Le secteur a connu un essor remarquable en 2006, mais ses dirigeants souhaitent que le Congrès intervienne, pour assurer son avenir à long terme.

Par « renouvelables », on entend des énergies non fossiles: éolienne, solaire, géothermique, marémotrice, hydroélectrique, biomasse, gaz de décharge, gaz de stations d'épuration des eaux usées et biocarburants. 2007 a été une année record pour ce secteur, dont le chiffre d’affaires a atteint quelque 20 milliards de dollars, tout en créant des dizaines de milliers d’emplois.

Selon le directeur exécutif de l’Association américaine de l’énergie éolienne Randy Swisher, le marché de l’énergie éolienne a augmenté de 45 % en 2007, ce qui a fait des États-Unis le leader mondial de ce secteur pour la troisième année consécutive.

L’énergie solaire est également en pleine expansion, fait valoir de son côté Rhone Resch, président de l’Association des industries de l’énergie solaire. « 2007 a été une année record pour l’énergie solaire, avec 314 mégawatts de puissance installés aux États-Unis, soit une hausse de 125 % par rapport à 2006 » explique M. Resch.

Même succès du côté de l’énergie géothermique, avec 40 % de nouveaux projets en 2006, sans oublier l’hydroélectricité.

Selon les analystes, l’essor du secteur de l’énergie verte est dû en partie aux politiques adoptées par les États de l’union, qui ont exigé la diversification de leurs ressources énergétiques, et aux avantages fiscaux accordés par le gouvernement fédéral.

Aux États-Unis, l'État fédéral accorde des avantages aux sociétés productrices d'électricité et à divers producteurs d'énergie renouvelable, ce qui permet de réduire le coût de production et de rendre l'énergie verte plus abordable.

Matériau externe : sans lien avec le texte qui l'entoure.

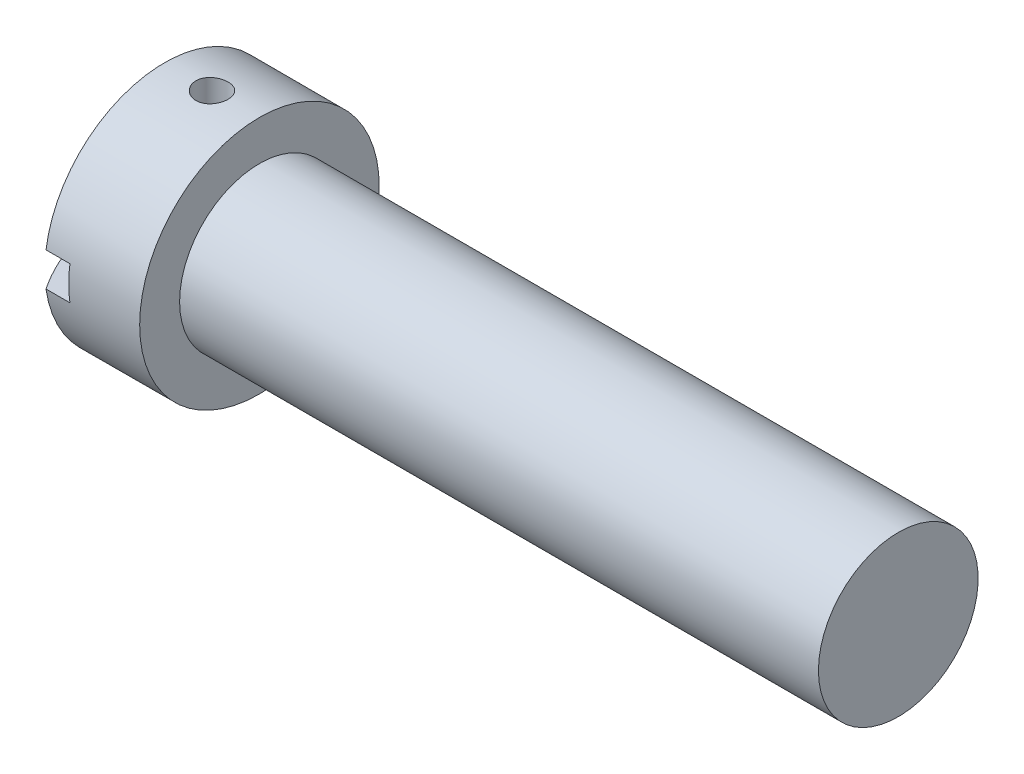
SolidWorks part; units mm, degrees
ref_plane "Plane1" through (0, 0, 0) normal (0, 0, 1) x (1, 0, 0)
ref_plane "Plane2" through (0, 0, 0) normal (0, 1, 0) x (1, 0, 0)
ref_plane "Plane3" through (0, 0, 0) normal (1, 0, 0) x (0, 0, -1)
sketch "BodySke" plane through (0, 0, 0) normal (0, 0, 1) x (1, 0, 0)
  line L0 (10.4648, 6.35) -> (10.4648, 9.525)
  line L1 (10.4648, 9.525) -> (2.921, 9.525)
  line L2 (-25.4, 0) -> (127, 0) construction
  line L3 (61.2648, 0) -> (0, 0)
  line L4 (10.4648, 6.35) -> (61.2648, 6.35)
  line L5 (61.2648, 6.35) -> (61.2648, 0)
  line L6 (10.4648, -9.525) -> (2.921, -9.525) construction
  line L7 (10.4648, -6.35) -> (61.2648, -6.35) construction
  line L8 (11.7348, 1.2192) -> (11.7348, -0.4698) construction
  line L9 (10.4648, 1.2192) -> (10.4648, -0.4698) construction
  arc A0 (0, 0) -> (2.921, 9.525) centre (16.9904, 0) cw
  dimension "Head_dia" = 19.05
  dimension "Head_ht" = 10.4648
  dimension "Length" = 50.8
  dimension "Advance" = 1.27
  dimension "Diameter" = 12.7
revolve "Base-Revolve" add sketch "BodySke" angle 360 about L2
cosmetic thread "ThreadCosmetic" [suppressed] parameters "Thread_length"=49.53, "Thread_minor"=11.1887
sketch "Sketch2" plane through (0, 0, 0) normal (1, 0, 0) x (0, 0, -1)
  line L0 (-9.525, -1.3462) -> (-9.525, 1.3462)
  line L1 (-9.525, 1.3462) -> (9.525, 1.3462)
  line L2 (9.525, 1.3462) -> (9.525, -1.3462)
  line L3 (9.525, -1.3462) -> (-9.525, -1.3462)
  dimension "D1" = 19.05
  dimension "D2" = 9.525
  dimension "D3" = 1.3462
extrude "Slot" cut sketch "Sketch2" along normal blind 4.826
sketch "Sketch3" plane through (0, 0, 0) normal (1, 0, 0) x (0, 0, -1)
  line L0 (1.1557, -7.1374) -> (-1.1557, -7.1374)
  line L1 (1.1557, -7.1374) -> (1.1557, 7.1374)
  line L2 (-1.1557, 7.1374) -> (1.1557, 7.1374)
  line L3 (-1.1557, 7.1374) -> (-1.1557, -7.1374)
  dimension "D1" = 1.1557
  dimension "D2" = 7.1374
ref_plane "Plane4" through (8.6106, 0, 0) normal (1, 0, 0) x (0, 0, -1)
sketch "Sketch4" plane through (8.6106, 0, 0) normal (1, 0, 0) x (0, 0, -1)
  line L0 (0.5778, -0.5778) -> (-0.5778, -0.5779)
  line L1 (0.5778, -0.5778) -> (0.5779, 0.5778)
  line L2 (-0.5778, 0.5778) -> (0.5779, 0.5778)
  line L3 (-0.5778, 0.5778) -> (-0.5778, -0.5779)
  dimension "D1" = 1.1557
  dimension "D2" = 0.5778
  dimension "D3" = 1.1557
  dimension "D4" = 0.5778
loft "Cross" [suppressed] cut profiles "Sketch3", "Sketch4"
pattern_circular "CirPattern1" [suppressed] count 2 every 90 about axis through (-25.4, 0, 0) along (1, 0, 0)
sketch "Sketch5" plane through (0, 0, 0) normal (0, 1, 0) x (1, 0, 0)
  line L4 (-25.4, 0) -> (127, 0) construction
  line L5 (10.4648, -6.312) -> (10.4648, 6.3337) construction
  circle A0 centre (7.2709, 0) radius 0.889
  dimension "D1" = 10.4648
extrude "Hole" [suppressed] cut sketch "Sketch5" against normal through all and the other way through all
sketch "ThdSchSke" plane through (0, 0, 0) normal (0, 0, 1) x (1, 0, 0)
  line L0 (11.7348, -5.5943) -> (11.2057, -6.35)
  line L1 (11.7348, -5.5943) -> (12.2639, -6.35)
  line L2 (12.2639, -6.35) -> (12.2639, -7.9375)
  line L3 (-3.175, 0) -> (5.1513, 0) construction
  line L5 (12.2639, -7.9375) -> (11.2057, -7.9375)
  line L6 (11.2057, -7.9375) -> (11.2057, -6.35)
  dimension "Thread_minor" = 11.1887
  dimension "Diameter" = 12.7
  dimension "Start" = 11.7348
revolve "ThreadSchematic" [suppressed] cut sketch "ThdSchSke" angle 360 about L3
pattern_linear "ThdSchPat" [suppressed]
sketch "Sketch6" plane through (0, 0, 0) normal (0, 1, 0) x (1, 0, 0)
  line L0 (2.921, 0) -> (10.4648, 0) construction
  line L1 (2.921, -9.4294) -> (2.921, 9.4294) construction
  line L2 (10.4648, -6.35) -> (10.4648, 6.35) construction
  circle A0 centre (6.6929, 0) radius 1.2789
  dimension "D1" = 2.5578
extrude "Cut-Extrude1" cut sketch "Sketch6" against normal mid plane 1271.524
equation "\"D1@Sketch3\" = \"Cross_width@Sketch3\" / 2"
equation "\"D2@Sketch3\" = \"Cross_dia@Sketch3\" / 2"
equation "\"D1@Sketch4\" = \"Cross_width@Sketch3\"*.5"
equation "\"D2@Sketch4\" = \"D1@Sketch4\" / 2"
equation "\"D3@Sketch4\" = \"D1@Sketch4\""
equation "\"D4@Sketch4\" = \"D2@Sketch4\""
equation "\"D1@Sketch2\" = \"Head_dia@BodySke\""
equation "\"D2@Sketch2\" = \"D1@Sketch2\" / 2"
equation "\"D3@Sketch2\" = \"Slot_width@Sketch2\" / 2"
equation "\"D1@Sketch5\" = \"Head_ht@BodySke\""
equation "\"Thread_length@ThreadCosmetic\" = ((sgn( (\"Length@BodySke\" - \"Advance@BodySke\" ) - \"Thread_nom@BodySke\" )-1)*( (\"Length@BodySke\" - \"Advance@BodySke\" ) - \"Thread_nom@BodySke\" ))/-2+ \"Thread_nom@BodySke\""
equation "\"Thread_minor@ThdSchSke\" = \"Thread_minor@ThreadCosmetic\""
equation "\"Diameter@ThdSchSke\" = \"Diameter@BodySke\""
equation "\"Overcut@ThdSchSke\" = \"Diameter@BodySke\" * 1.25"
equation "\"Start@ThdSchSke\" = \"Head_ht@BodySke\" + \"Length@BodySke\" - \"Thread_length@ThreadCosmetic\"  '---Non-countersunk---"
equation "\"Num_threads@ThdSchPat\" = int( \"Thread_length@ThreadCosmetic\" / \"Advance@BodySke\" + 0.999 )  + 1"
equation "\"Advance@ThdSchPat\" = \"Thread_length@ThreadCosmetic\" /  (\"Num_threads@ThdSchPat\" - 1) 'relax it"
equation "\"D1@Sketch6\" = \"Slot_width@Sketch2\"*0.95"
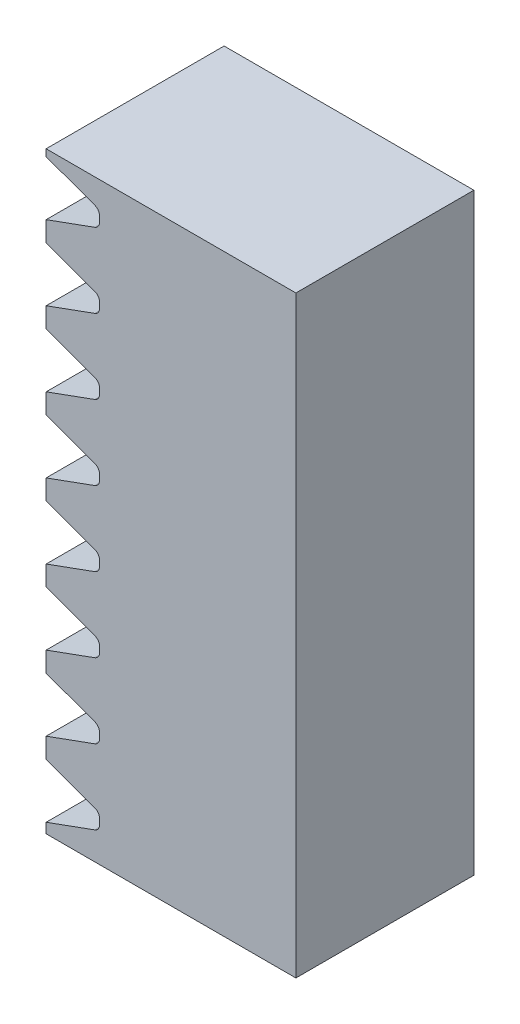
SolidWorks part; units mm, degrees
ref_plane "Front Plane" through (0, 0, 0) normal (0, 0, 1) x (1, 0, 0)
ref_plane "Top Plane" through (0, 0, 0) normal (0, 1, 0) x (1, 0, 0)
ref_plane "Right Plane" through (0, 0, 0) normal (1, 0, 0) x (0, 0, -1)
ref_axis "Axis1" through (0, -55, 0) along (0, 1, 0)
sketch "SketchCI.m_strSketchName" plane through (0, 0, 0) normal (0, 0, 1) x (1, 0, 0)
  line L0 (-2, 3.1416) -> (-2, -191.6371)
  line L1 (-2, -191.6371) -> (19.05, -191.6371)
  line L2 (19.05, -191.6371) -> (19.05, 3.1416)
  line L3 (19.05, 3.1416) -> (-2, 3.1416)
  dimension "D1" = 2
  dimension "D2" = 191.6371
  dimension "D3" = 19.05
  dimension "D4" = 3.1416
extrude "拉伸CI" add sketch "SketchCI.m_strSketchName" along normal blind 7.5 and the other way blind 7.5
sketch "齿草图大直齿轮" plane through (0, 0, 0) normal (0, 0, 1) x (1, 0, 0)
  line L0 (-2, 2.2987) -> (-2, -2.2987)
  line L1 (-2, -2.2987) -> (2.1052, -0.8046)
  line L2 (2.5, -0.2407) -> (2.5, 0.2407)
  line L3 (2.1052, 0.8046) -> (-2, 2.2987)
  arc A0 (2.1052, -0.8046) -> (2.5, -0.2407) centre (1.9, -0.2407) ccw
  arc A1 (2.5, 0.2407) -> (2.1052, 0.8046) centre (1.9, 0.2407) ccw
  dimension "D1" = 1.2
  dimension "D2" = 1.2
  dimension "齿顶高" = 2
  dimension "FLANKONE" = 1.4761
  dimension "FLANKONEANGLE" = 70
  dimension "齿根高" = 2.5
  dimension "FLANKTWO" = 1.4761
  dimension "FLANKTWOANGLE" = 70
extrude "齿拉伸切除大直齿轮" cut sketch "齿草图大直齿轮" against normal blind 7.5 and the other way blind 7.5
pattern_linear "齿形大直齿轮" count 31 spacing 6.2832 along (0, -1, 0) of "齿拉伸切除大直齿轮"
sketch "辅助草图大直齿轮" plane through (0, 0, 0) normal (0, 0, 1) x (1, 0, 0)
  line L0 (0, 0) -> (0, -194.7787) construction
sketch "Sketch4" plane through (0, 0, 7.5) normal (0, 0, 1) x (1, 0, 0)
  line L0 (19.05, -141.6371) -> (-18.2754, -141.6371)
  line L1 (19.05, -191.6371) -> (19.05, 3.1416) construction
  line L2 (-2, -191.6371) -> (19.05, -191.6371) construction
  dimension "D1" = 50
extrude "Extrude3" cut sketch "Sketch4" against normal through all and the other way through all flip side to cut

Par ailleurs, les particuliers ont eu droit, ces dernières années, à des crédits d’impôt, selon les sommes qu’ils avaient investies dans des énergies renouvelables.

Mais le Congrès américain a éliminé certaines de ces incitations de la loi fiscale sur l’énergie, pour l’exercice budgétaire 2007. Selon M. Resch, la perte de ces avantages fiscaux devrait se traduire par l’élimination de centaines de contrats, et donc des suppressions d’emplois.

« Plus précisément, si les crédits à l’investissement dans l’énergie solaire ne sont pas renouvelés et étendus rapidement en 2008, on pourrait assister à une perte de plus de 40.000 emplois de haute qualité aux États-Unis, d’ici à 2009 » avertit le président de l’Association des industries de l’énergie solaire.

Dans un communiqué publié cette semaine, l’Association américaine de l’énergie éolienne et divers autres groupes dit « verts » ont appelé le Congrès et le peuple américain à aider à sauver leurs industries.

Le président du Worldwatch Institute, organisme de recherche sur les problèmes de l’environnement, pense que le Congrès réagira positivement, en attendant le jour où le secteur sera suffisamment développé. « Par exemple, certaines de ces technologies n’auront peut-être pas besoin d’incitations fiscales, d’ici quatre à cinq ans, et donc on pourra les éliminer graduellement. D’autres technologies commencent tout juste à être commercialisées », explique Christopher Flavin.

Le président du Worldwatch Institute se veut optimiste. Il pense que les énergies renouvelables deviendront rapidement compétitives avec les énergies fossiles, telles le charbon, le gaz naturel ou le pétrole.